Calls for national fast-food nutrition plan
Queensland Deputy Premier and Minister for Health Paul Lucas tabled an agenda paper at a Ministerial Meeting in Adelaide on Friday, calling for a nationally consistent plan for reducing intakes of energy, saturated fat, sugar and salt from fast food.
Lucas said it was time to get serious about developing a national approach to the issue.
“In 2009, 1.6 billion meals were served by fast food outlets in Australia. Alarmingly, that means 4.5 million Australians visited a fast food outlet every day,” he said.
“The high intake of energy-dense foods and drinks from fast food outlets are undoubtedly contributing to the high levels of obesity in Australia. In 1980, eight per cent of Australian’s were considered obese, today it’s 25 per cent.”
“This is a discussion that we need to have at a national level.”
Options proposed in the paper include regulating the energy, saturated fat, salt and sugar content of fast food, implementing mandatory Nutrition Information Panels on fast food product packaging, and the development of a nationally consistent approach to require fast food outlets across Australia to provide energy and nutrient information on their menu boards.
“Nutritional information being provided at the point of sale in fast food chain outlets just makes good sense,” Lucas said. “People need to be empowered to make informed decisions when purchasing fast food.”
Cameron Prout, CEO of the Heart Foundation said that it was important that the foodservice industry in Australia be required to provide nutrition information on menu boards, which will help people make a better decision at the time of purchase.
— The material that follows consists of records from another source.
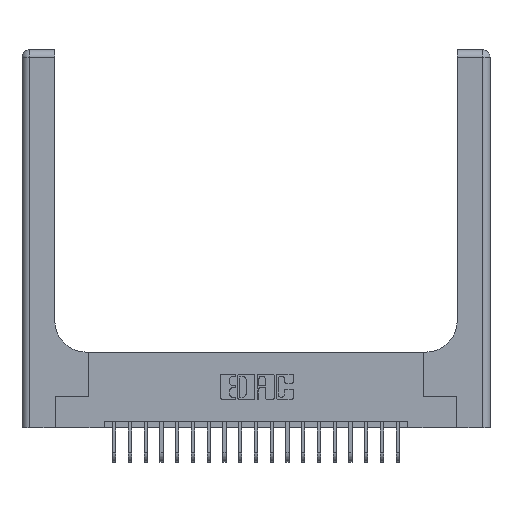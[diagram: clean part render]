
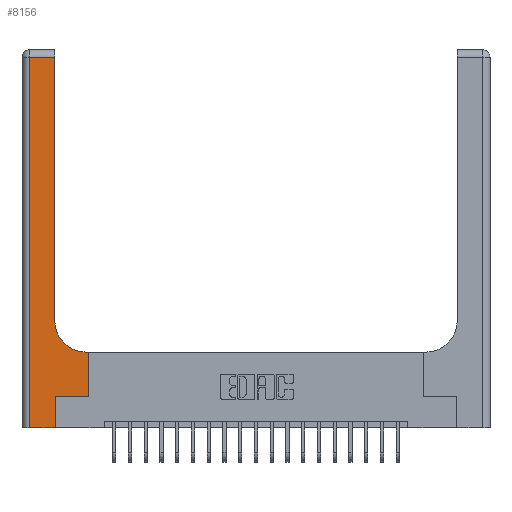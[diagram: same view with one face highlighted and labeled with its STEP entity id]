
A CAD part, top view. The second image highlights one B-rep face of the part: STEP entity #8156.
In plain terms, the highlighted planar face has unit normal (0, 0, 1).
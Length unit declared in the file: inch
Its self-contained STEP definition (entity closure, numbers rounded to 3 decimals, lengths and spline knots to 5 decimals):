
#72 = DIRECTION ( 'NONE',  ( -1., 0., 0. ) ) ;
#278 = ORIENTED_EDGE ( 'NONE', *, *, #3067, .T. ) ;
#315 = VERTEX_POINT ( 'NONE', #21766 ) ;
#575 = LINE ( 'NONE', #7647, #12299 ) ;
#623 = DIRECTION ( 'NONE',  ( -1., 0., 0. ) ) ;
#833 = ORIENTED_EDGE ( 'NONE', *, *, #17092, .T. ) ;
#1416 = EDGE_CURVE ( 'NONE', #14126, #315, #7775, .T. ) ;
#1889 = CARTESIAN_POINT ( 'NONE',  ( 0.528, 0.25, 0.37 ) ) ;
#1907 = EDGE_LOOP ( 'NONE', ( #4456, #3877, #278, #4391, #9613, #5532, #2901, #833, #2665 ) ) ;
#1970 = CARTESIAN_POINT ( 'NONE',  ( 0.528, 0.25, 0.37 ) ) ;
#2395 = CARTESIAN_POINT ( 'NONE',  ( 0.06, 0., 0.37 ) ) ;
#2665 = ORIENTED_EDGE ( 'NONE', *, *, #9471, .T. ) ;
#2901 = ORIENTED_EDGE ( 'NONE', *, *, #20682, .T. ) ;
#3067 = EDGE_CURVE ( 'NONE', #16271, #21588, #9029, .T. ) ;
#3318 = FACE_OUTER_BOUND ( 'NONE', #1907, .T. ) ;
#3342 = VERTEX_POINT ( 'NONE', #8316 ) ;
#3709 = DIRECTION ( 'NONE',  ( -1., 0., 0. ) ) ;
#3789 = CARTESIAN_POINT ( 'NONE',  ( 0., 2.94, 0.37 ) ) ;
#3877 = ORIENTED_EDGE ( 'NONE', *, *, #22731, .T. ) ;
#3880 = VECTOR ( 'NONE', #3709, 39.37008 ) ;
#3929 = CARTESIAN_POINT ( 'NONE',  ( 0.26, 0.6, 0.37 ) ) ;
#4391 = ORIENTED_EDGE ( 'NONE', *, *, #5251, .T. ) ;
#4456 = ORIENTED_EDGE ( 'NONE', *, *, #1416, .T. ) ;
#5196 = CIRCLE ( 'NONE', #21116, 0.25 ) ;
#5251 = EDGE_CURVE ( 'NONE', #21588, #14722, #5798, .T. ) ;
#5410 = VECTOR ( 'NONE', #12892, 39.37008 ) ;
#5532 = ORIENTED_EDGE ( 'NONE', *, *, #13686, .T. ) ;
#5798 = LINE ( 'NONE', #7873, #11797 ) ;
#6145 = DIRECTION ( 'NONE',  ( 1., 0., 0. ) ) ;
#7337 = VECTOR ( 'NONE', #14769, 39.37008 ) ;
#7448 = CARTESIAN_POINT ( 'NONE',  ( 0.528, 0.6, 0.37 ) ) ;
#7647 = CARTESIAN_POINT ( 'NONE',  ( 0.265, 0., 0.37 ) ) ;
#7775 = LINE ( 'NONE', #12660, #7337 ) ;
#7873 = CARTESIAN_POINT ( 'NONE',  ( 0., 0., 0.37 ) ) ;
#8156 = ADVANCED_FACE ( 'NONE', ( #3318 ), #12238, .F. ) ;
#8175 = AXIS2_PLACEMENT_3D ( 'NONE', #9310, #14686, #623 ) ;
#8316 = CARTESIAN_POINT ( 'NONE',  ( 0.51, 0.6, 0.37 ) ) ;
#8616 = CARTESIAN_POINT ( 'NONE',  ( 0.265, 0.25, 0.37 ) ) ;
#9029 = LINE ( 'NONE', #14277, #11999 ) ;
#9050 = VERTEX_POINT ( 'NONE', #19138 ) ;
#9310 = CARTESIAN_POINT ( 'NONE',  ( 0., 3., 0.37 ) ) ;
#9471 = EDGE_CURVE ( 'NONE', #3342, #14126, #5196, .T. ) ;
#9477 = VECTOR ( 'NONE', #72, 39.37008 ) ;
#9613 = ORIENTED_EDGE ( 'NONE', *, *, #11520, .T. ) ;
#10469 = DIRECTION ( 'NONE',  ( 1., 0., 0. ) ) ;
#11520 = EDGE_CURVE ( 'NONE', #14722, #9050, #575, .T. ) ;
#11797 = VECTOR ( 'NONE', #6145, 39.37008 ) ;
#11972 = CARTESIAN_POINT ( 'NONE',  ( 0.26, 0.85, 0.37 ) ) ;
#11999 = VECTOR ( 'NONE', #21327, 39.37008 ) ;
#12238 = PLANE ( 'NONE',  #8175 ) ;
#12299 = VECTOR ( 'NONE', #20290, 39.37008 ) ;
#12622 = VERTEX_POINT ( 'NONE', #7448 ) ;
#12660 = CARTESIAN_POINT ( 'NONE',  ( 0.26, 3., 0.37 ) ) ;
#12892 = DIRECTION ( 'NONE',  ( 0., 1., 0. ) ) ;
#13271 = CARTESIAN_POINT ( 'NONE',  ( 0.06, 2.94, 0.37 ) ) ;
#13686 = EDGE_CURVE ( 'NONE', #9050, #21127, #17445, .T. ) ;
#14126 = VERTEX_POINT ( 'NONE', #11972 ) ;
#14277 = CARTESIAN_POINT ( 'NONE',  ( 0.06, 3., 0.37 ) ) ;
#14387 = CARTESIAN_POINT ( 'NONE',  ( 0.265, 0., 0.37 ) ) ;
#14686 = DIRECTION ( 'NONE',  ( 0., 0., -1. ) ) ;
#14722 = VERTEX_POINT ( 'NONE', #14387 ) ;
#14769 = DIRECTION ( 'NONE',  ( 0., 1., 0. ) ) ;
#15997 = LINE ( 'NONE', #3789, #9477 ) ;
#16097 = VECTOR ( 'NONE', #10469, 39.37008 ) ;
#16271 = VERTEX_POINT ( 'NONE', #13271 ) ;
#17092 = EDGE_CURVE ( 'NONE', #12622, #3342, #19810, .T. ) ;
#17445 = LINE ( 'NONE', #8616, #16097 ) ;
#17568 = DIRECTION ( 'NONE',  ( 0., 0., -1. ) ) ;
#19138 = CARTESIAN_POINT ( 'NONE',  ( 0.265, 0.25, 0.37 ) ) ;
#19810 = LINE ( 'NONE', #3929, #3880 ) ;
#20290 = DIRECTION ( 'NONE',  ( 0., 1., 0. ) ) ;
#20682 = EDGE_CURVE ( 'NONE', #21127, #12622, #21569, .T. ) ;
#21116 = AXIS2_PLACEMENT_3D ( 'NONE', #21274, #17568, #22896 ) ;
#21127 = VERTEX_POINT ( 'NONE', #1970 ) ;
#21274 = CARTESIAN_POINT ( 'NONE',  ( 0.51, 0.85, 0.37 ) ) ;
#21327 = DIRECTION ( 'NONE',  ( 0., -1., 0. ) ) ;
#21569 = LINE ( 'NONE', #1889, #5410 ) ;
#21588 = VERTEX_POINT ( 'NONE', #2395 ) ;
#21766 = CARTESIAN_POINT ( 'NONE',  ( 0.26, 2.94, 0.37 ) ) ;
#22731 = EDGE_CURVE ( 'NONE', #315, #16271, #15997, .T. ) ;
#22896 = DIRECTION ( 'NONE',  ( 1., 0., 0. ) ) ;

“Providing nutrition information via company websites, in-store pamphlets and on product packaging is not sufficient. Evidence suggests that people are more likely to notice nutrition information if it is on the menu or menu board and visible when they are buying their meals.
“Clearly, the greatest health benefit of nutrition labelling occurs when consumers switch to lower energy, low saturated fat and low salt foods.
“And being transparent about nutritional information will encourage fast food outlets to improve the nutritional profile of their foods, which is a vital ingredient to improving the food supply and reducing the burden of chronic disease,” Prout said.
“Overweight and obesity are significant risk factors for cardiovascular disease, osteoarthritic diseases, cancer and type 2 diabetes. For example, people who are obese are over three times more likely to develop type 2 diabetes, than those of healthy weight,” said Lucas.
“But it’s not just about being overweight or obese: too many Australians have a very poor diet that is energy dense but significantly lacking in nutrition.
According to the World Health Organisation, there is solid evidence to link poor diet to chronic disease.
“It is absolutely critical to the health of Australians that we make real inroads in reducing the amount of energy, saturated fat, salt and sugar in our diets,” said Lucas.